* **What the exercise asks**:
With pictures left out, extract every line between the start of the records below and the line holding "doc.layers.add('Cogs_-_Cut', color=7, linetype='CONTINUOUS')", inclusive.

* **Records provided**:
---

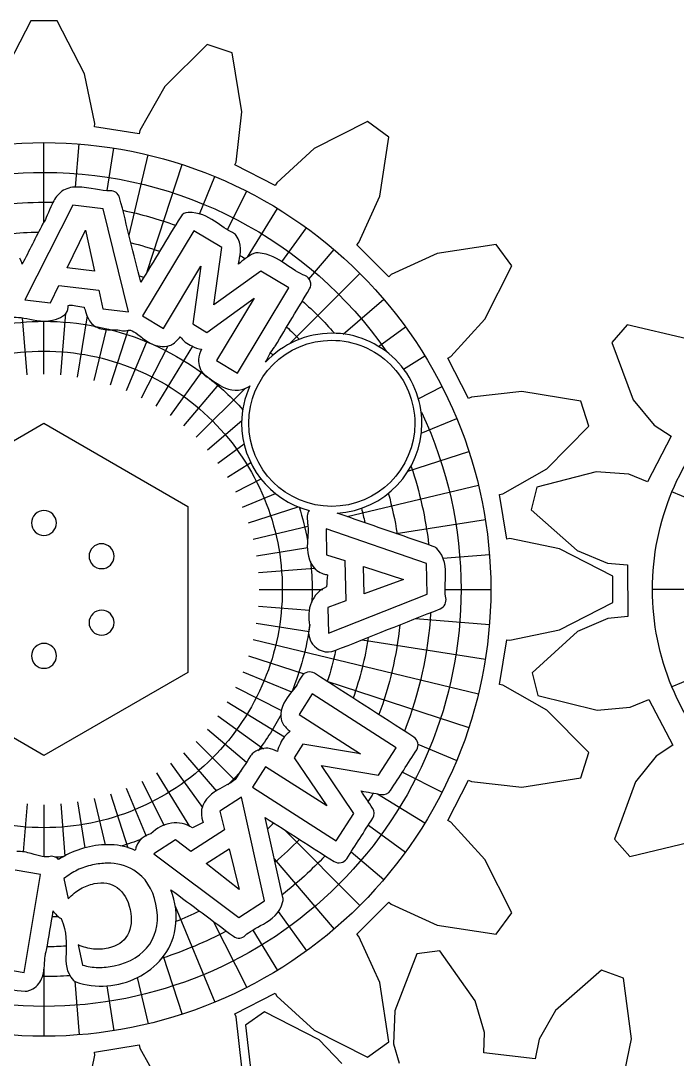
# Model space of a CAD drawing. Extents: x 39 to 360, y -214 to 103.
# Drawn here: x 133.3 to 212.3, y -21.9 to 103.1 of the extents above; entities that cross this region are included whole.
import ezdxf

# ---------------------------------------------------------------- set-up
doc = ezdxf.new("R2010")
doc.units = 0
doc.layers.add('Cogs_-_Cut', color=7, linetype='CONTINUOUS')
doc.layers.add('Cogs_-_Etch', color=7, linetype='CONTINUOUS')

msp = doc.modelspace()

# ---------------------------------------------------------------- linework, layer by layer
at = {"layer": 'Cogs_-_Cut', "color": 7}
for p, q in [((134.521883, 103.130827), (131.225617, 96.731768)), ((137.698536, 103.130827), (134.521883, 103.130827)), ((134.521883, 103.130827), (134.521883, 103.130827)), ((140.994805, 96.731768), (137.698536, 103.130827)), ((155.755797, 100.271122), (150.643827, 95.203248)), ((158.777562, 99.288856), (155.755797, 100.271122)), ((159.934563, 92.184794), (158.777562, 99.288856)), ((142.221258, 90.7588), (140.994805, 96.731768)), ((150.643827, 95.203248), (147.631988, 89.90166)), ((159.254912, 86.125284), (159.934563, 92.184794)), ((142.178264, 90.368539), (142.221258, 90.7588)), ((147.55151, 89.517463), (142.178264, 90.368539)), ((175.067076, 90.989208), (168.639355, 87.749715)), ((177.637392, 89.12169), (175.067076, 90.989208)), ((147.631988, 89.90166), (147.55151, 89.517463)), ((176.542677, 82.007155), (177.637392, 89.12169)), ((168.639355, 87.749715), (164.136476, 83.638201)), ((159.094509, 85.766994), (159.254912, 86.125284)), ((163.941345, 83.296998), (159.094509, 85.766994)), ((164.136476, 83.638201), (163.941345, 83.296998)), ((174.023624, 76.454212), (176.542677, 82.007155)), ((173.760144, 76.163171), (174.023624, 76.454212)), ((177.606523, 72.316789), (173.760144, 76.163171)), ((183.450507, 75.099325), (177.897564, 72.580822)), ((190.565044, 76.194037), (183.450507, 75.099325)), ((192.432009, 73.623721), (190.565044, 76.194037)), ((177.897564, 72.580822), (177.606523, 72.316789)), ((189.193068, 67.196), (192.432009, 73.623721)), ((185.081553, 62.693122), (189.193068, 67.196)), ((206.308853, 66.504775), (204.450157, 64.383147)), ((213.482369, 64.828531), (206.308853, 66.504775)), ((170.75106, 64.667023), (170.75106, 64.667023)), ((204.450157, 64.383147), (207.052994, 57.491856)), ((184.740352, 62.497993), (185.081553, 62.693122)), ((187.210347, 57.651157), (184.740352, 62.497993)), ((187.568086, 57.812111), (187.210347, 57.651157)), ((193.627595, 58.491758), (187.568086, 57.812111)), ((200.732209, 57.334207), (193.627595, 58.491758)), ((201.713925, 54.312445), (200.732209, 57.334207)), ((207.052994, 57.491856), (209.578662, 54.437571)), ((118.789648, 44.667281), (136.110486, 54.666877)), ((136.110486, 54.666877), (153.430772, 44.667281)), ((136.110486, 54.666877), (136.110486, 54.666877)), ((196.646602, 49.200475), (201.713925, 54.312445)), ((209.578662, 54.437571), (211.629735, 53.126231)), ((211.629735, 53.126231), (208.771132, 47.609117)), ((191.345013, 46.188636), (196.646602, 49.200475)), ((202.56555, 48.829508), (195.434481, 46.980179)), ((206.517215, 48.527993), (202.56555, 48.829508)), ((208.771132, 47.609117), (206.517215, 48.527993)), ((195.434481, 46.980179), (194.774673, 44.237885)), ((190.960815, 46.108708), (191.345013, 46.188636)), ((191.811893, 40.734912), (190.960815, 46.108708)), ((136.110486, 44.166776), (136.110486, 44.166776)), ((153.430772, 44.667281), (153.430772, 24.666985)), ((194.774673, 44.237885), (200.281867, 39.344747)), ((143.038711, 40.16716), (143.038711, 40.16716)), ((192.202153, 40.777906), (191.811893, 40.734912)), ((198.175121, 39.551452), (192.202153, 40.777906)), ((204.57418, 36.255184), (198.175121, 39.551452)), ((200.281867, 39.344747), (203.937526, 37.814572)), ((203.937526, 37.814572), (206.362873, 37.606764)), ((206.362873, 37.606764), (206.396497, 31.393466)), ((204.57418, 33.078531), (204.57418, 36.255184)), ((198.175121, 29.782263), (204.57418, 33.078531)), ((143.038711, 32.16682), (143.038711, 32.16682)), ((206.396497, 31.393466), (203.973354, 31.15975)), ((203.973354, 31.15975), (200.334231, 29.589889)), ((192.202153, 28.55636), (198.175121, 29.782263)), ((200.334231, 29.589889), (194.879956, 24.638322)), ((136.110486, 28.167204), (136.110486, 28.167204)), ((190.960815, 23.225557), (191.811893, 28.598803)), ((191.811893, 28.598803), (192.202153, 28.55636)), ((136.110486, 14.666838), (118.789648, 24.666985)), ((153.430772, 24.666985), (136.110486, 14.666838)), ((194.879956, 24.638322), (195.569527, 21.903191)), ((191.345013, 23.145632), (190.960815, 23.225557)), ((196.646602, 20.13324), (191.345013, 23.145632)), ((195.569527, 21.903191), (202.719342, 20.130483)), ((206.668246, 20.474441), (208.912243, 21.417571)), ((208.912243, 21.417571), (211.829275, 15.931326)), ((201.713925, 15.02127), (196.646602, 20.13324)), ((202.719342, 20.130483), (206.668246, 20.474441)), ((200.732209, 12.000058), (201.713925, 15.02127)), ((211.829275, 15.931326), (209.792536, 14.598487)), ((209.792536, 14.598487), (207.299388, 11.517193)), ((184.740352, 6.835722), (187.210347, 11.683109)), ((187.210347, 11.683109), (187.568086, 11.522155)), ((187.568086, 11.522155), (193.627595, 10.842507)), ((193.627595, 10.842507), (200.732209, 12.000058)), ((207.299388, 11.517193), (204.770965, 4.597787)), ((185.081553, 6.640593), (184.740352, 6.835722)), ((189.193068, 2.137715), (185.081553, 6.640593)), ((204.770965, 4.597787), (206.652814, 2.496555)), ((206.652814, 2.496555), (213.807588, 4.249971)), ((192.432009, -4.290006), (189.193068, 2.137715)), ((173.760144, -6.829456), (177.606523, -2.982524)), ((177.606523, -2.982524), (177.897564, -3.246557)), ((177.897564, -3.246557), (183.450507, -5.76561)), ((190.565044, -6.860325), (192.432009, -4.290006)), ((183.450507, -5.76561), (190.565044, -6.860325)), ((174.023624, -7.120497), (173.760144, -6.829456)), ((176.542677, -12.67344), (174.023624, -7.120497)), ((180.979408, -9.198578), (178.33909, -16.075541)), ((183.77848, -8.850762), (180.979408, -9.198578)), ((183.778508, -8.850762), (183.77848, -8.850762)), ((188.020111, -14.873892), (183.778508, -8.850762)), ((203.241921, -11.160906), (197.707718, -16.023725)), ((205.88169, -12.154196), (203.241921, -11.160906)), ((206.838601, -19.45835), (205.88169, -12.154196)), ((177.637392, -19.787977), (176.542677, -12.67344)), ((159.094509, -16.432727), (163.941345, -13.963283)), ((163.941345, -13.963283), (164.136476, -14.303936)), ((164.136476, -14.303936), (168.639355, -18.415448)), ((189.129707, -18.678381), (188.020111, -14.873892)), ((162.671895, -16.197359), (160.355139, -17.806356)), ((169.22695, -19.559222), (162.671895, -16.197359)), ((178.33909, -16.075541), (178.194118, -20.036022)), ((197.707718, -16.023725), (195.738228, -19.462758)), ((159.254912, -16.791019), (159.094509, -16.432727)), ((159.934563, -22.850528), (159.254912, -16.791019)), ((160.355139, -17.806356), (161.213382, -25.122637)), ((168.639355, -18.415448), (175.067076, -21.654942)), ((189.063562, -21.111994), (189.129707, -18.678381)), ((171.977513, -22.412864), (169.22695, -19.559222)), ((175.067076, -21.654942), (177.637392, -19.787977)), ((195.738228, -19.462758), (195.233313, -21.844008)), ((206.052567, -23.342763), (206.838601, -19.45835)), ((142.178264, -21.034273), (147.55151, -20.183198)), ((142.221258, -21.424533), (142.178264, -21.034273)), ((147.55151, -20.183198), (147.631988, -20.567946)), ((147.631988, -20.567946), (150.643827, -25.869533)), ((178.194118, -20.036022), (178.853372, -22.37924)), ((195.233313, -21.844008), (189.063562, -21.111994)), ((140.994805, -27.397503), (142.221258, -21.424533))]:
    msp.add_line(p, q, dxfattribs=at)
for points in [[(160.751464, 54.666877), (160.751383, 60.189624), (165.228313, 64.6668), (170.75106, 64.667023)], [(170.75106, 64.667023), (173.403275, 64.667062), (175.946874, 63.613491), (177.822274, 61.738091)], [(177.822274, 61.738091), (179.697674, 59.862691), (180.751245, 57.319092), (180.751206, 54.666877)], [(170.75106, 44.667281), (165.228528, 44.667504), (160.751687, 49.144345), (160.751464, 54.666877)], [(180.751206, 54.666877), (180.750983, 49.14413), (176.273807, 44.6672), (170.75106, 44.667281)], [(136.110486, 44.166776), (135.712615, 44.166885), (135.331001, 44.008917), (135.049612, 43.727632)], [(137.610342, 42.666921), (137.610262, 43.495235), (136.938801, 44.166697), (136.110486, 44.166776)], [(135.049612, 43.727632), (134.768224, 43.446347), (134.610115, 43.064791), (134.610077, 42.666921)], [(134.610077, 42.666921), (134.610115, 42.26905), (134.768224, 41.887494), (135.049612, 41.606209)], [(136.110486, 41.167065), (136.938801, 41.167144), (137.610262, 41.838606), (137.610342, 42.666921)], [(135.049612, 41.606209), (135.331001, 41.324924), (135.712615, 41.166956), (136.110486, 41.167065)], [(143.038711, 40.16716), (142.640745, 40.167268), (142.259047, 40.009225), (141.977642, 39.72782)], [(144.099423, 39.727624), (143.818138, 40.009013), (143.436582, 40.167122), (143.038711, 40.16716)], [(141.977642, 39.72782), (141.696237, 39.446415), (141.538194, 39.064717), (141.538302, 38.666751)], [(144.538567, 38.666751), (144.538676, 39.064621), (144.380708, 39.446235), (144.099423, 39.727624)], [(141.538302, 38.666751), (141.538341, 38.26888), (141.696449, 37.887324), (141.977838, 37.606039)], [(141.977838, 37.606039), (142.259227, 37.324754), (142.640841, 37.166786), (143.038711, 37.166895)], [(143.038711, 37.166895), (143.867026, 37.166974), (144.538488, 37.838436), (144.538567, 38.666751)], [(141.977838, 31.727676), (141.696449, 31.446391), (141.538341, 31.064835), (141.538302, 30.666964)], [(143.038711, 32.16682), (142.640841, 32.166929), (142.259227, 32.008961), (141.977838, 31.727676)], [(144.538567, 30.666964), (144.538488, 31.495279), (143.867026, 32.166741), (143.038711, 32.16682)], [(141.538302, 30.666964), (141.538341, 30.269094), (141.696449, 29.887538), (141.977838, 29.606253)], [(143.038711, 29.167108), (143.867026, 29.167188), (144.538488, 29.83865), (144.538567, 30.666964)], [(141.977838, 29.606253), (142.259227, 29.324967), (142.640841, 29.167), (143.038711, 29.167108)], [(135.049417, 27.727864), (134.768012, 27.446459), (134.609969, 27.064761), (134.610077, 26.666794)], [(136.110486, 28.167204), (135.71252, 28.167312), (135.330822, 28.009269), (135.049417, 27.727864)], [(137.171198, 27.727668), (136.889913, 28.009057), (136.508357, 28.167165), (136.110486, 28.167204)], [(137.610342, 26.666794), (137.610451, 27.064665), (137.452483, 27.446279), (137.171198, 27.727668)], [(134.610077, 26.666794), (134.610115, 26.268924), (134.768224, 25.887368), (135.049612, 25.606083)], [(136.110486, 25.166939), (136.938801, 25.167018), (137.610262, 25.83848), (137.610342, 26.666794)], [(135.049612, 25.606083), (135.331001, 25.324798), (135.712615, 25.16683), (136.110486, 25.166939)]]:
    msp.add_open_spline(points, degree=3, dxfattribs=at)
at = {"layer": 'Cogs_-_Etch', "color": 7}
for p, q in [((136.11021, 78.925971), (136.110212, 88.461549)), ((139.921883, 83.098875), (140.330882, 88.295718)), ((143.718413, 82.703309), (144.525532, 87.799248)), ((146.348724, 77.313491), (148.668294, 86.975202)), ((148.544334, 72.935319), (152.733635, 85.828658)), ((154.82857, 79.857138), (156.696486, 84.366684)), ((139.783208, 83.101838), (139.783233, 83.101869)), ((158.185852, 77.992907), (160.532417, 82.598297)), ((139.59527, 80.915748), (133.802549, 69.530948)), ((143.253133, 80.48966), (139.59527, 80.915748)), ((139.59527, 80.915748), (139.59527, 80.915748)), ((146.274897, 68.078497), (143.253133, 80.48966)), ((160.620778, 74.66463), (164.217773, 80.534395)), ((138.918377, 73.369611), (141.103395, 77.913278)), ((141.103395, 77.913278), (142.177714, 72.989824)), ((141.103395, 77.913278), (141.103395, 77.913278)), ((154.149558, 77.849889), (147.970985, 67.587913)), ((157.517482, 75.821969), (154.149558, 77.849889)), ((154.149558, 77.849889), (154.149558, 77.849889)), ((164.754295, 74.092218), (167.72984, 78.187709)), ((156.547896, 68.922957), (157.517482, 75.821969)), ((168.00959, 72.016395), (171.046961, 75.5727)), ((142.177714, 72.989824), (138.918377, 73.369611)), ((150.480118, 66.077034), (154.998979, 73.582931)), ((154.998979, 73.582931), (154.032148, 66.626594)), ((162.205568, 72.999747), (156.547896, 68.922957)), ((165.566327, 70.976234), (162.205568, 72.999747)), ((165.675939, 64.232751), (174.148685, 72.705497)), ((136.886597, 69.171555), (137.896425, 71.25129)), ((137.896425, 71.25129), (142.69365, 70.692358)), ((142.69365, 70.692358), (143.190296, 68.437888)), ((159.387757, 60.713708), (165.566327, 70.976234)), ((133.802549, 69.530948), (136.886597, 69.171555)), ((155.709496, 65.616769), (161.405203, 69.72608)), ((161.405203, 69.72608), (156.88579, 62.220179)), ((172.107154, 65.411319), (177.015888, 69.603773)), ((138.142114, 60.484767), (138.726376, 67.908518)), ((140.159827, 60.235279), (141.329867, 67.622618)), ((143.190296, 68.437888), (146.274897, 68.078497)), ((147.970985, 67.587913), (150.480118, 66.077034)), ((134.077225, 60.49857), (133.537909, 67.351239)), ((136.11021, 60.586282), (136.11021, 66.99258)), ((154.032148, 66.626594), (155.709496, 65.616769)), ((176.378873, 63.923918), (179.630897, 66.286651)), ((142.153575, 59.839446), (143.627658, 65.979441)), ((144.113987, 59.300108), (146.247931, 65.867715)), ((146.024541, 58.602327), (148.512104, 64.607836)), ((147.863405, 57.733966), (151.057627, 64.002985)), ((149.633483, 56.734996), (154.045364, 63.93453)), ((179.395126, 61.192052), (181.977583, 62.774585)), ((156.88579, 62.220179), (159.387757, 60.713708)), ((151.326108, 55.6099), (155.161513, 60.888881)), ((152.933753, 54.364857), (157.178242, 59.334516)), ((154.421755, 52.978567), (160.359457, 58.916269)), ((181.173501, 57.627916), (184.041486, 59.089228)), ((181.530193, 53.480595), (185.809873, 55.253298)), ((155.791239, 51.476208), (159.912727, 54.996292)), ((157.047023, 49.878508), (160.210556, 52.176949)), ((179.919797, 48.901621), (187.271846, 51.290446)), ((158.184192, 48.193977), (161.01645, 49.929588)), ((159.195874, 46.429756), (162.238041, 47.979816)), ((172.599553, 43.42734), (188.418391, 47.225106)), ((227.235791, 39.967908), (211.704654, 46.401116)), ((160.027214, 44.573769), (163.979945, 46.211045)), ((160.721212, 42.663621), (166.725465, 44.614522)), ((178.521933, 41.384387), (189.242438, 43.082343)), ((161.274342, 40.708397), (167.861386, 42.289807)), ((170.064797, 41.948134), (170.134799, 38.84369)), ((182.14027, 37.783152), (170.064797, 41.948134)), ((170.064797, 41.948134), (170.064797, 41.948134)), ((161.684595, 38.71761), (167.859795, 39.695668)), ((170.134799, 38.84369), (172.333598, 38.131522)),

---

* **Written response**:
# Model space of a CAD drawing. Extents: x 39 to 360, y -214 to 103.
# Drawn here: x 133.3 to 212.3, y -21.9 to 103.1 of the extents above; entities that cross this region are included whole.
import ezdxf

# ---------------------------------------------------------------- set-up
doc = ezdxf.new("R2010")
doc.units = 0
doc.layers.add('Cogs_-_Cut', color=7, linetype='CONTINUOUS')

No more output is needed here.